In writing Dark Parties, Sara grant has combined elements of The Handmaid’s Tale, 1984 and some of the grimmest practices torn from today’s newspapers, Dark Parties is one of the darkest books I have read recently.

When he created Star Trek back in the 1960’s Gene Roddenberry used science fiction to hold a mirror up to the issues of the ‘60’s and Sara does something similar with Dark Parties.

Dark Parties is a subtly feminist novel with Neva our protagonist not a hard-core freedom fighter, but more realistically a young girl on the cusp of becoming a woman in a society where women have been reduced to almost second-class citizens fulfilling menial tasks as well as being housewives and child carriers to bolster a shrinking population.

Forget a bright future, the citizens of this society subsist on hand me downs and trading necessities with friends and neighbours, the technology where it exists has been repurposed to create a stasi-like spy network, with cameras on every corner and a population that does not know who to trust.

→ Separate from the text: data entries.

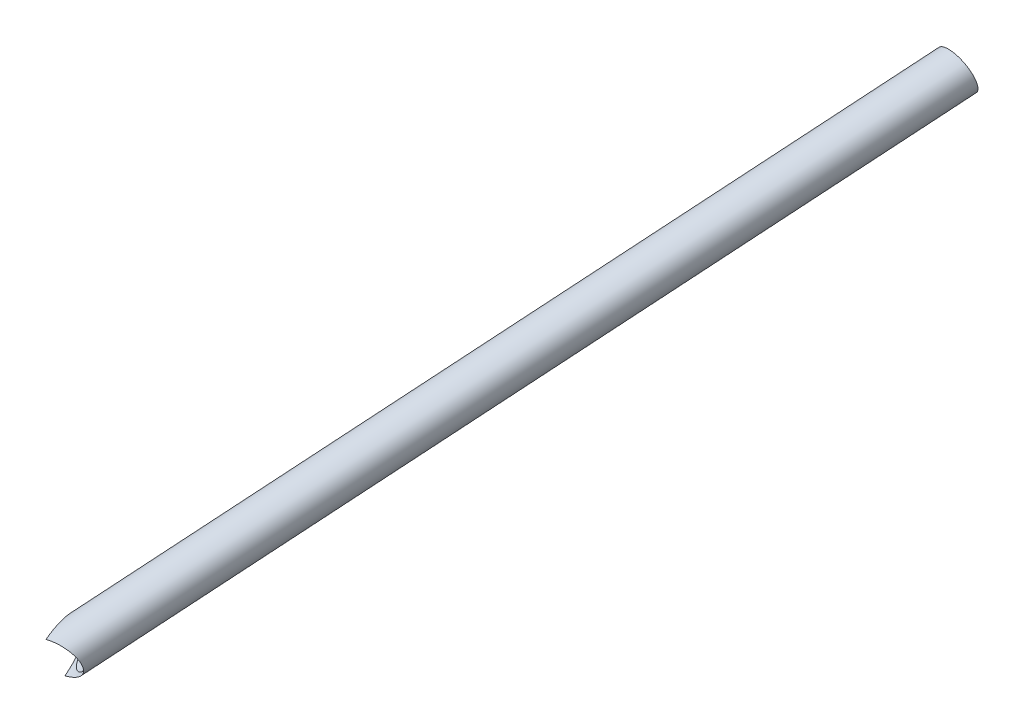
ISO-10303-21;
HEADER;
FILE_DESCRIPTION(('STEP AP214'),'2;1');
FILE_NAME('part.step','',(''),(''),'','','');
FILE_SCHEMA(('AUTOMOTIVE_DESIGN { 1 0 10303 214 1 1 1 1 }'));
ENDSEC;
DATA;
#1=APPLICATION_CONTEXT('core data for automotive mechanical design processes');
#2=APPLICATION_PROTOCOL_DEFINITION('international standard','automotive_design',2000,#1);
#3=PRODUCT_CONTEXT('',#1,'mechanical');
#4=PRODUCT('Part','Part','',(#3));
#5=PRODUCT_RELATED_PRODUCT_CATEGORY('part','',(#4));
#6=PRODUCT_DEFINITION_FORMATION('','',#4);
#7=PRODUCT_DEFINITION_CONTEXT('part definition',#1,'design');
#8=PRODUCT_DEFINITION('design','',#6,#7);
#9=PRODUCT_DEFINITION_SHAPE('','',#8);
#10=(LENGTH_UNIT() NAMED_UNIT(*) SI_UNIT(.MILLI.,.METRE.));
#11=(NAMED_UNIT(*) PLANE_ANGLE_UNIT() SI_UNIT($,.RADIAN.));
#12=(NAMED_UNIT(*) SI_UNIT($,.STERADIAN.) SOLID_ANGLE_UNIT());
#13=UNCERTAINTY_MEASURE_WITH_UNIT(LENGTH_MEASURE(1.E-05),#10,'distance_accuracy_value','');
#14=(GEOMETRIC_REPRESENTATION_CONTEXT(3) GLOBAL_UNCERTAINTY_ASSIGNED_CONTEXT((#13)) GLOBAL_UNIT_ASSIGNED_CONTEXT((#10,
#11,#12)) REPRESENTATION_CONTEXT('',''));
#15=CARTESIAN_POINT('',(0.,0.,0.));
#16=DIRECTION('',(0.,0.,1.));
#17=DIRECTION('',(1.,0.,0.));
#18=AXIS2_PLACEMENT_3D('',#15,#16,#17);
#19=CARTESIAN_POINT('',(-225.,199.999999999997,-200.000000000001));
#20=DIRECTION('',(0.313257210262408,0.388871019636107,-0.866400167535642));
#21=DIRECTION('',(0.,0.912318699307087,0.40948087976684));
#22=AXIS2_PLACEMENT_3D('',#19,#20,#21);
#23=CYLINDRICAL_SURFACE('',#22,11.3);
#24=CARTESIAN_POINT('',(-80.0000000000003,380.000000000003,-601.037933611911));
#25=DIRECTION('',(0.0877040448988896,0.311824264686706,-0.946083309471723));
#26=DIRECTION('',(0.915766996856783,0.348518707826596,0.199763654759292));
#27=AXIS2_PLACEMENT_3D('',#24,#25,#26);
#28=ELLIPSE('',#27,11.6684899557684,11.3);
#29=CARTESIAN_POINT('',(-69.3143819953527,384.066687041675,-598.706993412824));
#30=VERTEX_POINT('',#29);
#31=EDGE_CURVE('E85',#30,#30,#28,.T.);
#32=ORIENTED_EDGE('',*,*,#31,.T.);
#33=EDGE_LOOP('',(#32));
#34=FACE_BOUND('',#33,.T.);
#35=CARTESIAN_POINT('',(-223.170681683834,212.580079211889,-200.43235597197));
#36=CARTESIAN_POINT('',(-223.342960242135,212.642900551134,-200.572308157806));
#37=CARTESIAN_POINT('',(-223.5063247625,212.704324340843,-200.72371246689));
#38=CARTESIAN_POINT('',(-223.815345767516,212.824369890079,-201.044765475674));
#39=CARTESIAN_POINT('',(-223.960983559026,212.882988652811,-201.214433085204));
#40=CARTESIAN_POINT('',(-224.236946514407,212.997663034725,-201.568606781049));
#41=CARTESIAN_POINT('',(-224.367149546055,213.053696310919,-201.753213975834));
#42=CARTESIAN_POINT('',(-224.613304656625,213.16261224097,-202.132409583786));
#43=CARTESIAN_POINT('',(-224.729259438125,213.215495491333,-202.326996094142));
#44=CARTESIAN_POINT('',(-224.97188589708,213.328537163043,-202.764131330896));
#45=CARTESIAN_POINT('',(-225.095886166926,213.387966386511,-203.008338811169));
#46=CARTESIAN_POINT('',(-225.330339153318,213.501989809347,-203.504330851236));
#47=CARTESIAN_POINT('',(-225.440784919299,213.556581524151,-203.756119216677));
#48=CARTESIAN_POINT('',(-225.651055297934,213.66081127532,-204.265605322309));
#49=CARTESIAN_POINT('',(-225.750860548779,213.710440271522,-204.523312831738));
#50=CARTESIAN_POINT('',(-225.94174101524,213.804418331292,-205.042808607497));
#51=CARTESIAN_POINT('',(-226.032817837557,213.84876836696,-205.304596112441));
#52=CARTESIAN_POINT('',(-226.208199036787,213.932126681191,-205.832398121217));
#53=CARTESIAN_POINT('',(-226.292476119537,213.971113835275,-206.098424980178));
#54=CARTESIAN_POINT('',(-226.455083330722,214.043280955442,-206.633074079074));
#55=CARTESIAN_POINT('',(-226.53341324828,214.07646071566,-206.90169641066));
#56=CARTESIAN_POINT('',(-226.684950479747,214.136680179376,-207.440743663664));
#57=CARTESIAN_POINT('',(-226.758163270196,214.16372651892,-207.711166307874));
#58=CARTESIAN_POINT('',(-226.900244887483,214.211391119115,-208.253729450513));
#59=CARTESIAN_POINT('',(-226.969113456219,214.23200899812,-208.525870049955));
#60=CARTESIAN_POINT('',(-227.107894261879,214.267691121499,-209.091412827201));
#61=CARTESIAN_POINT('',(-227.17751664929,214.282240993876,-209.384918836055));
#62=CARTESIAN_POINT('',(-227.312811655067,214.302972285788,-209.973159587268));
#63=CARTESIAN_POINT('',(-227.37848398089,214.309153086232,-210.267894418911));
#64=CARTESIAN_POINT('',(-227.506236823727,214.312534083165,-210.858396063157));
#65=CARTESIAN_POINT('',(-227.568315011136,214.309728519881,-211.154163416209));
#66=CARTESIAN_POINT('',(-227.689037869115,214.294418618149,-211.746124910376));
#67=CARTESIAN_POINT('',(-227.747682874509,214.281915227192,-212.042319006978));
#68=CARTESIAN_POINT('',(-227.861328077719,214.246495111186,-212.633012524707));
#69=CARTESIAN_POINT('',(-227.916347378792,214.223638976933,-212.927511848309));
#70=CARTESIAN_POINT('',(-228.023123854569,214.166599795624,-213.5159803541));
#71=CARTESIAN_POINT('',(-228.07488143364,214.132418155933,-213.8099495976));
#72=CARTESIAN_POINT('',(-228.175036845002,214.05166891956,-214.39652452381));
#73=CARTESIAN_POINT('',(-228.22343735236,214.005111330958,-214.689131114776));
#74=CARTESIAN_POINT('',(-228.316762336355,213.898335938604,-215.272364160373));
#75=CARTESIAN_POINT('',(-228.36168756773,213.838121112078,-215.562991032372));
#76=CARTESIAN_POINT('',(-228.440020542061,213.714814311806,-216.088916059171));
#77=CARTESIAN_POINT('',(-228.474041090138,213.654216136427,-216.324706804013));
#78=CARTESIAN_POINT('',(-228.539389818938,213.521922179066,-216.79353892662));
#79=CARTESIAN_POINT('',(-228.570718166215,213.450227084372,-217.026580473696));
#80=CARTESIAN_POINT('',(-228.630478043049,213.294568365427,-217.489345454793));
#81=CARTESIAN_POINT('',(-228.658904960884,213.210585710604,-217.719063123207));
#82=CARTESIAN_POINT('',(-228.71248472308,213.02927178271,-218.173598072011));
#83=CARTESIAN_POINT('',(-228.737637524947,212.93194033642,-218.398415288767));
#84=CARTESIAN_POINT('',(-228.784527654986,212.721532920552,-218.844025676543));
#85=CARTESIAN_POINT('',(-228.806224458169,212.608295842474,-219.06474758059));
#86=CARTESIAN_POINT('',(-228.845373301333,212.365568087056,-219.497565059594));
#87=CARTESIAN_POINT('',(-228.862824818496,212.236075410772,-219.709659569389));
#88=CARTESIAN_POINT('',(-228.892869738466,211.959944122573,-220.122119384267));
#89=CARTESIAN_POINT('',(-228.905474056623,211.813345015177,-220.322510170728));
#90=CARTESIAN_POINT('',(-228.925244077587,211.501885400407,-220.708841104466));
#91=CARTESIAN_POINT('',(-228.932412681571,211.337034688294,-220.894788912689));
#92=CARTESIAN_POINT('',(-228.939398574621,211.043146661141,-221.193353255568));
#93=CARTESIAN_POINT('',(-228.940811634,210.91898234303,-221.310748531268));
#94=CARTESIAN_POINT('',(-228.940588806732,210.662044687618,-221.535679689023));
#95=CARTESIAN_POINT('',(-228.93895378136,210.529273792444,-221.643218347181));
#96=CARTESIAN_POINT('',(-228.932493540919,210.255608758685,-221.847110997192));
#97=CARTESIAN_POINT('',(-228.927670631953,210.114720559331,-221.943473015));
#98=CARTESIAN_POINT('',(-228.914751243764,209.825422883865,-222.123938003776));
#99=CARTESIAN_POINT('',(-228.906654715854,209.67701329592,-222.208040792393));
#100=CARTESIAN_POINT('',(-228.887140197008,209.373078030602,-222.36331557894));
#101=CARTESIAN_POINT('',(-228.875709945831,209.217527904822,-222.434438242134));
#102=CARTESIAN_POINT('',(-228.84961127769,208.90103169574,-222.562706789619));
#103=CARTESIAN_POINT('',(-228.834942861973,208.740085614519,-222.619852679303));
#104=CARTESIAN_POINT('',(-228.802512163356,208.414066585077,-222.719900984726));
#105=CARTESIAN_POINT('',(-228.784748620116,208.248991979259,-222.762797577376));
#106=CARTESIAN_POINT('',(-228.746347064615,207.916136659426,-222.834407939124));
#107=CARTESIAN_POINT('',(-228.725709017533,207.748355912653,-222.863121536398));
#108=CARTESIAN_POINT('',(-228.682688426654,207.418067217901,-222.905925142407));
#109=CARTESIAN_POINT('',(-228.66040772639,207.255614519192,-222.9205506698));
#110=CARTESIAN_POINT('',(-228.613673234366,206.930358901844,-222.937730676728));
#111=CARTESIAN_POINT('',(-228.589218733852,206.767555885994,-222.940281204473));
#112=CARTESIAN_POINT('',(-228.512977437117,206.280037008397,-222.930912298448));
#113=CARTESIAN_POINT('',(-228.458292533268,205.956057194704,-222.901990817121));
#114=CARTESIAN_POINT('',(-228.303975430701,205.098209724221,-222.772873462301));
#115=CARTESIAN_POINT('',(-228.198960943903,204.570606414374,-222.637698782022));
#116=CARTESIAN_POINT('',(-228.033507162766,203.801954027345,-222.37574393968));
#117=CARTESIAN_POINT('',(-227.976919509919,203.549072857679,-222.278319944784));
#118=CARTESIAN_POINT('',(-227.861504026765,203.051047442892,-222.066462541915));
#119=CARTESIAN_POINT('',(-227.802676667009,202.805901592196,-221.952032692278));
#120=CARTESIAN_POINT('',(-227.638542933763,202.143455461426,-221.61787953157));
#121=CARTESIAN_POINT('',(-227.531299153119,201.734144172336,-221.383285489882));
#122=CARTESIAN_POINT('',(-227.312094123585,200.938360328336,-220.879891269383));
#123=CARTESIAN_POINT('',(-227.200129104218,200.551906643207,-220.611063390933));
#124=CARTESIAN_POINT('',(-226.971564870672,199.799631015759,-220.04562376045));
#125=CARTESIAN_POINT('',(-226.854953172045,199.433872080444,-219.748933782168));
#126=CARTESIAN_POINT('',(-226.617288017231,198.72297308089,-219.133812665823));
#127=CARTESIAN_POINT('',(-226.496236040674,198.377826247074,-218.815388740229));
#128=CARTESIAN_POINT('',(-226.287092252018,197.810282923899,-218.261527509891));
#129=CARTESIAN_POINT('',(-226.20033198394,197.582820905688,-218.030736749171));
#130=CARTESIAN_POINT('',(-226.023979506756,197.136901163313,-217.561627096661));
#131=CARTESIAN_POINT('',(-225.934387120833,196.918444003318,-217.32330773484));
#132=CARTESIAN_POINT('',(-225.751795050186,196.49020971041,-216.839896453059));
#133=CARTESIAN_POINT('',(-225.658792638616,196.280439822894,-216.594799153348));
#134=CARTESIAN_POINT('',(-225.46874903675,195.869722692473,-216.098864339946));
#135=CARTESIAN_POINT('',(-225.371708009643,195.668775093757,-215.848027058375));
#136=CARTESIAN_POINT('',(-225.172913133666,195.276360561313,-215.342132300365));
#137=CARTESIAN_POINT('',(-225.071173710046,195.084867915157,-215.087089109609));
#138=CARTESIAN_POINT('',(-224.86141331789,194.71102459382,-214.572853956956));
#139=CARTESIAN_POINT('',(-224.753391630782,194.528674968886,-214.313661522933));
#140=CARTESIAN_POINT('',(-224.529423762548,194.173961889095,-213.792379342752));
#141=CARTESIAN_POINT('',(-224.413487197619,194.001586770305,-213.53029342565));
#142=CARTESIAN_POINT('',(-224.171141364839,193.667684953005,-213.004112633604));
#143=CARTESIAN_POINT('',(-224.044735342135,193.506154920816,-212.740018404043));
#144=CARTESIAN_POINT('',(-223.821856478748,193.2468237412,-212.298376862104));
#145=CARTESIAN_POINT('',(-223.729218458769,193.145540381184,-212.120942294788));
#146=CARTESIAN_POINT('',(-223.536264365094,192.949523284265,-211.766564881264));
#147=CARTESIAN_POINT('',(-223.435947615263,192.854790125527,-211.589622079783));
#148=CARTESIAN_POINT('',(-223.226083929592,192.673155563582,-211.237361735224));
#149=CARTESIAN_POINT('',(-223.116543896414,192.58624840249,-211.062043083821));
#150=CARTESIAN_POINT('',(-222.886279568542,192.421875613855,-210.714312057763));
#151=CARTESIAN_POINT('',(-222.765558211359,192.344407518832,-210.54189893377));
#152=CARTESIAN_POINT('',(-222.541973102851,192.218628870217,-210.243354061889));
#153=CARTESIAN_POINT('',(-222.441922242265,192.167812420243,-210.116178670159));
#154=CARTESIAN_POINT('',(-222.233572116505,192.074108055753,-209.865746713105));
#155=CARTESIAN_POINT('',(-222.125275862775,192.031217265997,-209.742488740124));
#156=CARTESIAN_POINT('',(-221.900221955246,191.954786808172,-209.501434823198));
#157=CARTESIAN_POINT('',(-221.783485779474,191.921224388161,-209.383626184457));
#158=CARTESIAN_POINT('',(-221.541354717582,191.86465351547,-209.154518098522));
#159=CARTESIAN_POINT('',(-221.415960523741,191.841644220103,-209.043218132217));
#160=CARTESIAN_POINT('',(-221.155974814233,191.807139719351,-208.827347127974));
#161=CARTESIAN_POINT('',(-221.021308719074,191.79575339334,-208.722848154154));
#162=CARTESIAN_POINT('',(-220.745190474229,191.785568547066,-208.522572809689));
#163=CARTESIAN_POINT('',(-220.603738361985,191.786769957357,-208.426796390924));
#164=CARTESIAN_POINT('',(-220.315589918066,191.801884954452,-208.24402980575));
#165=CARTESIAN_POINT('',(-220.168884589267,191.815821461781,-208.157055795449));
#166=CARTESIAN_POINT('',(-219.872380624923,191.856014023932,-207.991673301959));
#167=CARTESIAN_POINT('',(-219.722581392006,191.882272479543,-207.913266491664));
#168=CARTESIAN_POINT('',(-219.383645848075,191.954435217648,-207.74530760191));
#169=CARTESIAN_POINT('',(-219.194129402674,192.003626254279,-207.657941708114));
#170=CARTESIAN_POINT('',(-218.815792850038,192.118305970437,-207.493024699053));
#171=CARTESIAN_POINT('',(-218.626973000336,192.183800163204,-207.415476917392));
#172=CARTESIAN_POINT('',(-218.251558203018,192.329488301445,-207.267691181612));
#173=CARTESIAN_POINT('',(-218.064970576846,192.409721183046,-207.197473380839));
#174=CARTESIAN_POINT('',(-217.695970930957,192.583210905099,-207.06250890079));
#175=CARTESIAN_POINT('',(-217.513559019031,192.676468081315,-206.997762362632));
#176=CARTESIAN_POINT('',(-217.063109260417,192.9247959573,-206.8401883534));
#177=CARTESIAN_POINT('',(-216.798338637812,193.087303277096,-206.749687730052));
#178=CARTESIAN_POINT('',(-216.283146816866,193.435531388196,-206.572448805486));
#179=CARTESIAN_POINT('',(-216.032731600422,193.621261755458,-206.48571207629));
#180=CARTESIAN_POINT('',(-215.548401618357,194.013310853617,-206.312842377291));
#181=CARTESIAN_POINT('',(-215.314485174932,194.219627485873,-206.226709346902));
#182=CARTESIAN_POINT('',(-214.865040443627,194.650703609864,-206.05281908366));
#183=CARTESIAN_POINT('',(-214.649509625683,194.875460555629,-205.965062076314));
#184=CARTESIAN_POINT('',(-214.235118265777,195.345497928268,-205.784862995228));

Brought up to believe that the world beyond the Protectosphere has been so utterly blighted and destroyed by war that their pocket of existence is all that remains, Neva and her friends know that something is wrong but they have no idea what, they just know that things must change, but they do not know how.
I found dark Parties to be a disturbing read, completely plausible and in that lay the seeds of my disquiet. I tend to moments of quiet paranoia and with the current fetishization of CCTV monitoring and tendencies to tighten up on laws especially those governing reproductive freedom I can see how such a society can develop… but I tell myself that it is paranoia and it will not happen (but that does not sound too convincing – even to me!)

Dark Parties has love, loss, betrayal, the now almost obligatory love triangle (between Neva, her best friend and best friend’s boyfriend), scenes of bleak horror that are all too real as well as redemption, reconciliation and release.

Dark Parties is thought-provoking and at times uncomfortable but is utterly compelling and eminently readable! It is dystopian science fiction at its best!